IDC’s Worldwide Quarterly PC tracker released for Q3 saw 10.5% growth in PC sales compared with the 14% projected for the quarter. Weaker-than-expected growth was driven by weak consumer spending in the United States, where PC shipments grew a mere 3.8% over the year compared with the 11% projected. Only Apple saw better-than-expected sales in the U.S., primarily on account of its iPad. Over the year, Apple recorded 24% growth in PC shipments, and the company moved to the third position in the U.S market. But despite Apple’s continued growth, Microsoft (NASDAQ: MSFT) does not seem to be worried about their Windows division and claims to be confident that tablets “will expand the PC market” and will “bring Windows to additional form factors and new usage scenario.”
Microsoft’s Financials
Quieting the market’s concerns on their performance amid the growing iPad market, Microsoft delivered a stellar performance. Q1 revenues of $16.2 billion and EPS of $0.62 were significantly ahead of market projections of revenues of $15.8 billion with EPS of $0.55.

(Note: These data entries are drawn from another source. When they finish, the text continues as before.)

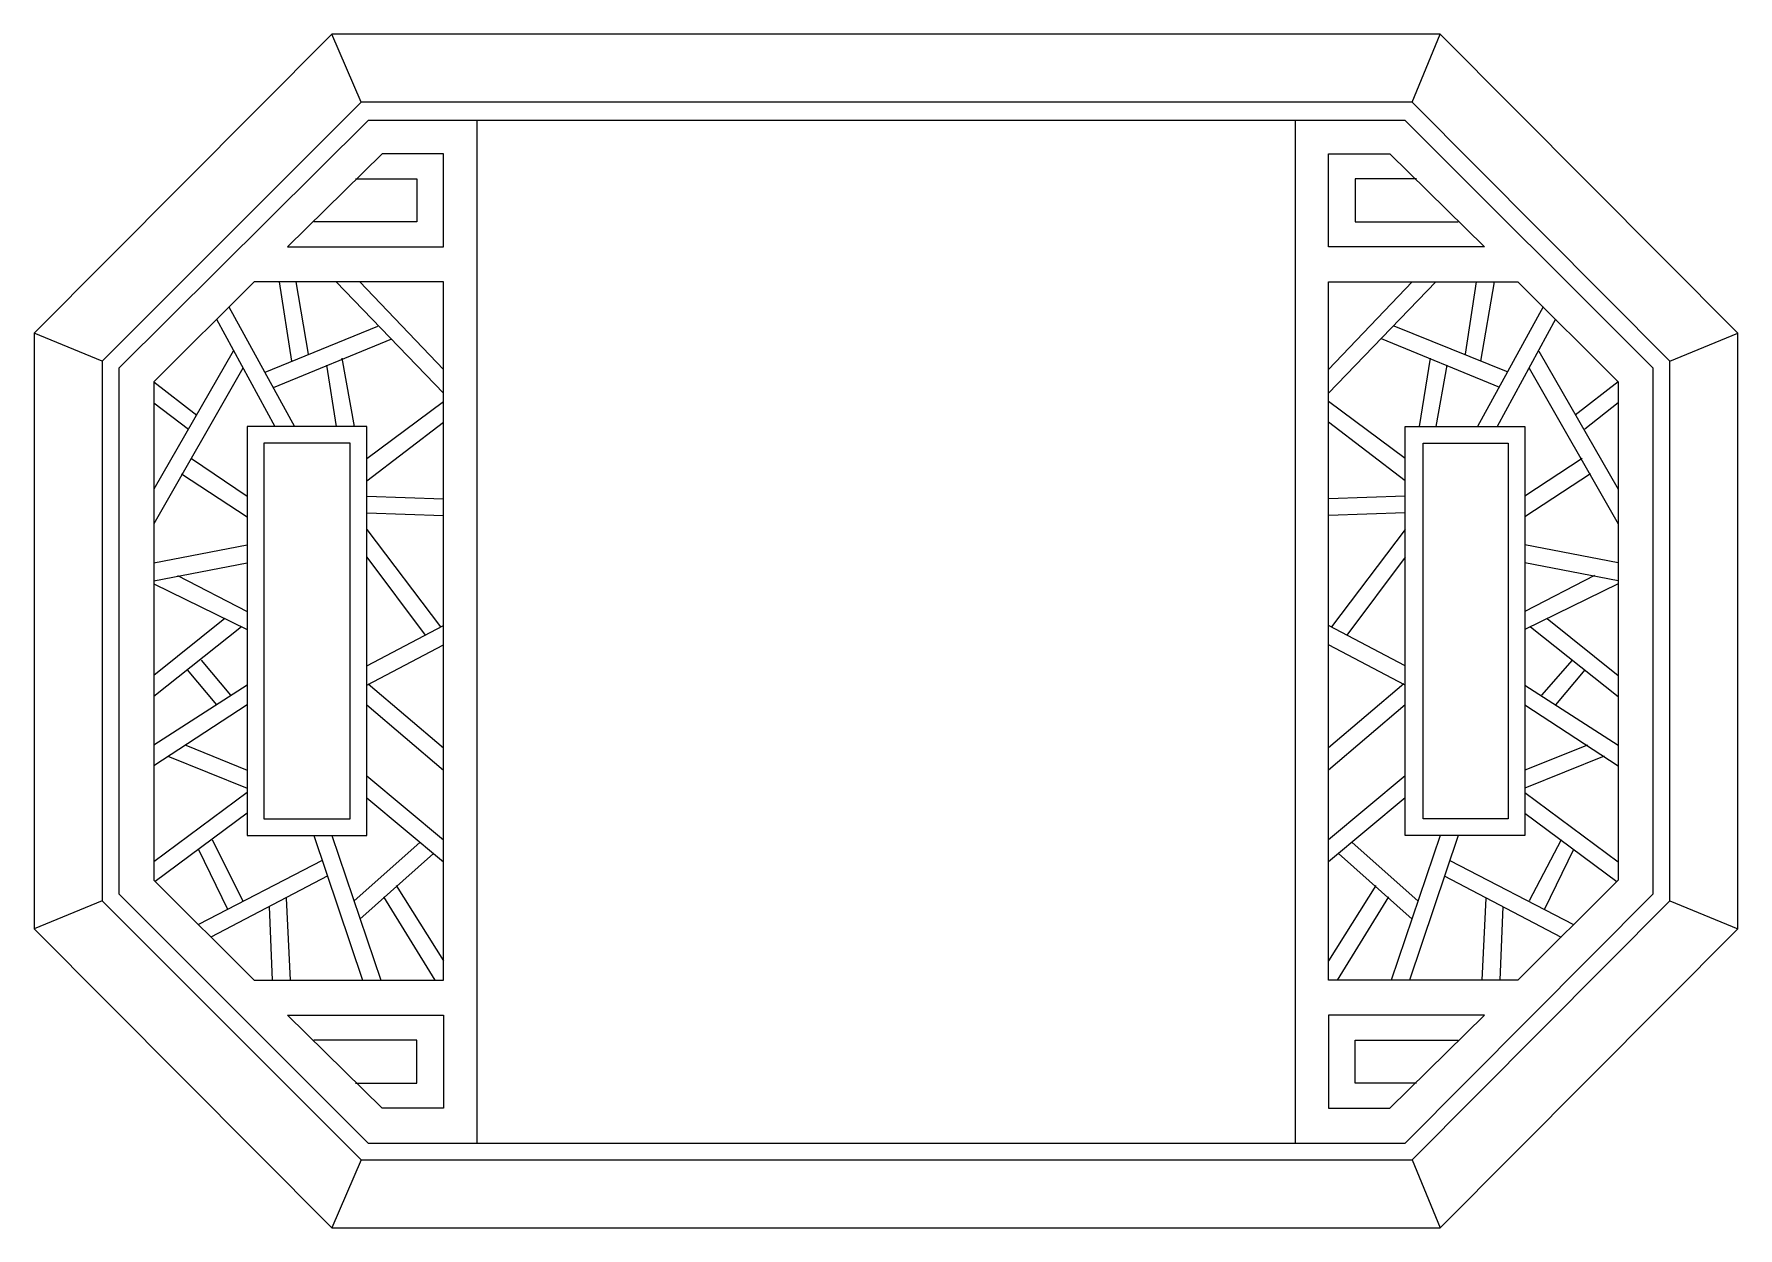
# Model space of a CAD drawing. Header units: centimetres. Extents: x -10.3 to 10.6, y -8.4 to 6.3.
import ezdxf

# ---------------------------------------------------------------- set-up
doc = ezdxf.new("R2010")
doc.units = ezdxf.units.CM
doc.header["$MEASUREMENT"] = 0
doc.layers.add('layer 1', color=7, linetype='Continuous')

msp = doc.modelspace()

# ---------------------------------------------------------------- linework, layer by layer
at = {"layer": 'layer 1', "color": 250, "lineweight": 0}
for points, knots in [([(-10.32088, 2.64434), (-10.32088, 2.64434), (-6.65549, 6.3269), (-6.65549, 6.3269), (-6.65549, 6.3269), (-6.65549, 6.3269), (6.97863, 6.3269), (6.97863, 6.3269), (6.97863, 6.3269), (6.97863, 6.3269), (10.64402, 2.64434), (10.64402, 2.64434), (10.64402, 2.64434), (10.64402, 2.64434), (10.64402, -4.68667), (10.64402, -4.68667), (10.64402, -4.68667), (10.64402, -4.68667), (6.97863, -8.36923), (6.97863, -8.36923), (6.97863, -8.36923), (6.97863, -8.36923), (-6.65549, -8.36923), (-6.65549, -8.36923), (-6.65549, -8.36923), (-6.65549, -8.36923), (-10.32088, -4.68667), (-10.32088, -4.68667), (-10.32088, -4.68667), (-10.32088, -4.68667), (-10.32088, 2.64434), (-10.32088, 2.64434)], [0, 0, 0, 0, 0.125, 0.125, 0.125, 0.125, 0.25, 0.25, 0.25, 0.25, 0.375, 0.375, 0.375, 0.375, 0.5, 0.5, 0.5, 0.5, 0.625, 0.625, 0.625, 0.625, 0.75, 0.75, 0.75, 0.75, 0.875, 0.875, 0.875, 0.875, 1, 1, 1, 1]), ([(-9.48163, 2.30164), (-9.48163, 2.30164), (-6.29584, 5.48742), (-6.29584, 5.48742), (-6.29584, 5.48742), (-6.29584, 5.48742), (6.63593, 5.48742), (6.63593, 5.48742), (6.63593, 5.48742), (6.63593, 5.48742), (9.80476, 2.30164), (9.80476, 2.30164), (9.80476, 2.30164), (9.80476, 2.30164), (9.80476, -4.34396), (9.80476, -4.34396), (9.80476, -4.34396), (9.80476, -4.34396), (6.63593, -7.52997), (6.63593, -7.52997), (6.63593, -7.52997), (6.63593, -7.52997), (-6.29584, -7.52997), (-6.29584, -7.52997), (-6.29584, -7.52997), (-6.29584, -7.52997), (-9.48163, -4.34396), (-9.48163, -4.34396), (-9.48163, -4.34396), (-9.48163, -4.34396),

Revenues grew 25% over the year driven by double-digit growth across all divisions. The company saw their biggest growth in Entertainment and Devices revenues, which grew 27% over the year driven by 38% growth in Xbox units sold in the period. Xbox sales were driven by the release of the latest installment of Halo, an alien shooting game. The game had $200 million in sales on its first day alone, making it the biggest opening day for any movie or game released this year.
Microsoft’s business divisions grew 14% over the year, driven by the expansion of cloud services. They claim to have tripled the number of business customers in the cloud within the past year. Recently, they announced the launch of the next generation of their cloud productivity service, Office 365, which brings together Lync, SharePoint, Exchange, and Office Professional, plus Desktop software, in the cloud.
Within online, they are on track with their search agreement with Yahoo! and during the quarter, Yahoo! started using Microsoft’s Bing search technology to power queries. Bing’s search share saw a minor increase to 11.2% in September from 11.1% in August. Overall, online revenues grew 13% over the year but continued to suffer losses.
The Server and Tools division grew 12%. Beating the market’s worries that the iPad may outshine Windows demand, the Windows division reported 10% growth over the year. Windows 7 has sold a record-breaking 240 million copies since its launch over a year ago.
Microsoft projects fiscal 2011 revenues to be $26.9 billion–$27.3 billion.
Microsoft’s Windows Phone 7
Microsoft’s big concerns for now is the smartphone market, which at present is relying on the Windows Phone 7. The phone OS launched in Europe and Asia last week and is scheduled for launch in the coming week in the United States. It is expected to be available worldwide on over 20 phones by this Christmas. The OS has received good initial reviews, some saying that Microsoft has gone beyond the smartphone norm by designing a screen with colorful rectangles called “live tiles” instead of icons. These tiles provide information at a glance, such as the phone log, and link to frequently used programs. Further, the Phone OS will be organized around “hubs,” which are a collection of programs, information, and functions based on one of their six themes – People, Pictures, Music & Videos, Marketplace, Microsoft Office, and Games.
But it may still be a case of doing too little, too late. According to market studies earlier this year, Google and Apple have already taken a big lead in the market, with Android holding a 16.3% market share and Apple another 14.7%. Microsoft followed Apple with a mere 6.8% market share. I believe that it will be a tough battle for Microsoft to win, and it needs more than the Windows Phone 7.
Microsoft ended the quarter with over $44 billion in cash and equivalents and they should be looking at investing some of that money in acquiring bigger smartphone players like Nokia or Research in Motion (NASDAQ: RIMM). Nokia’s recently appointed new CEO, Stephen Elop, is expected to focus on the North American market. Further, as Symbian’s market share continues to decline, Windows Phone 7 may offer Nokia the big push that it needs. Also, Nokia will bring with it leadership in the mobile device market, a position that Microsoft will not be able to reach on its own. Research in Motion could be another potential acquisition as it too continues to struggle with declining market shares despite a distribution channel and a strong position in the enterprise mobile market. Also, adding a hardware device to their portfolio will help Microsoft control the end-to-end user experience for smartphones – a model that has clearly worked for Apple.
Microsoft’s stock is trading at $26.76 with a market capitalization of $232 billion. In April of this year, it touched a 52-week high of $31.58.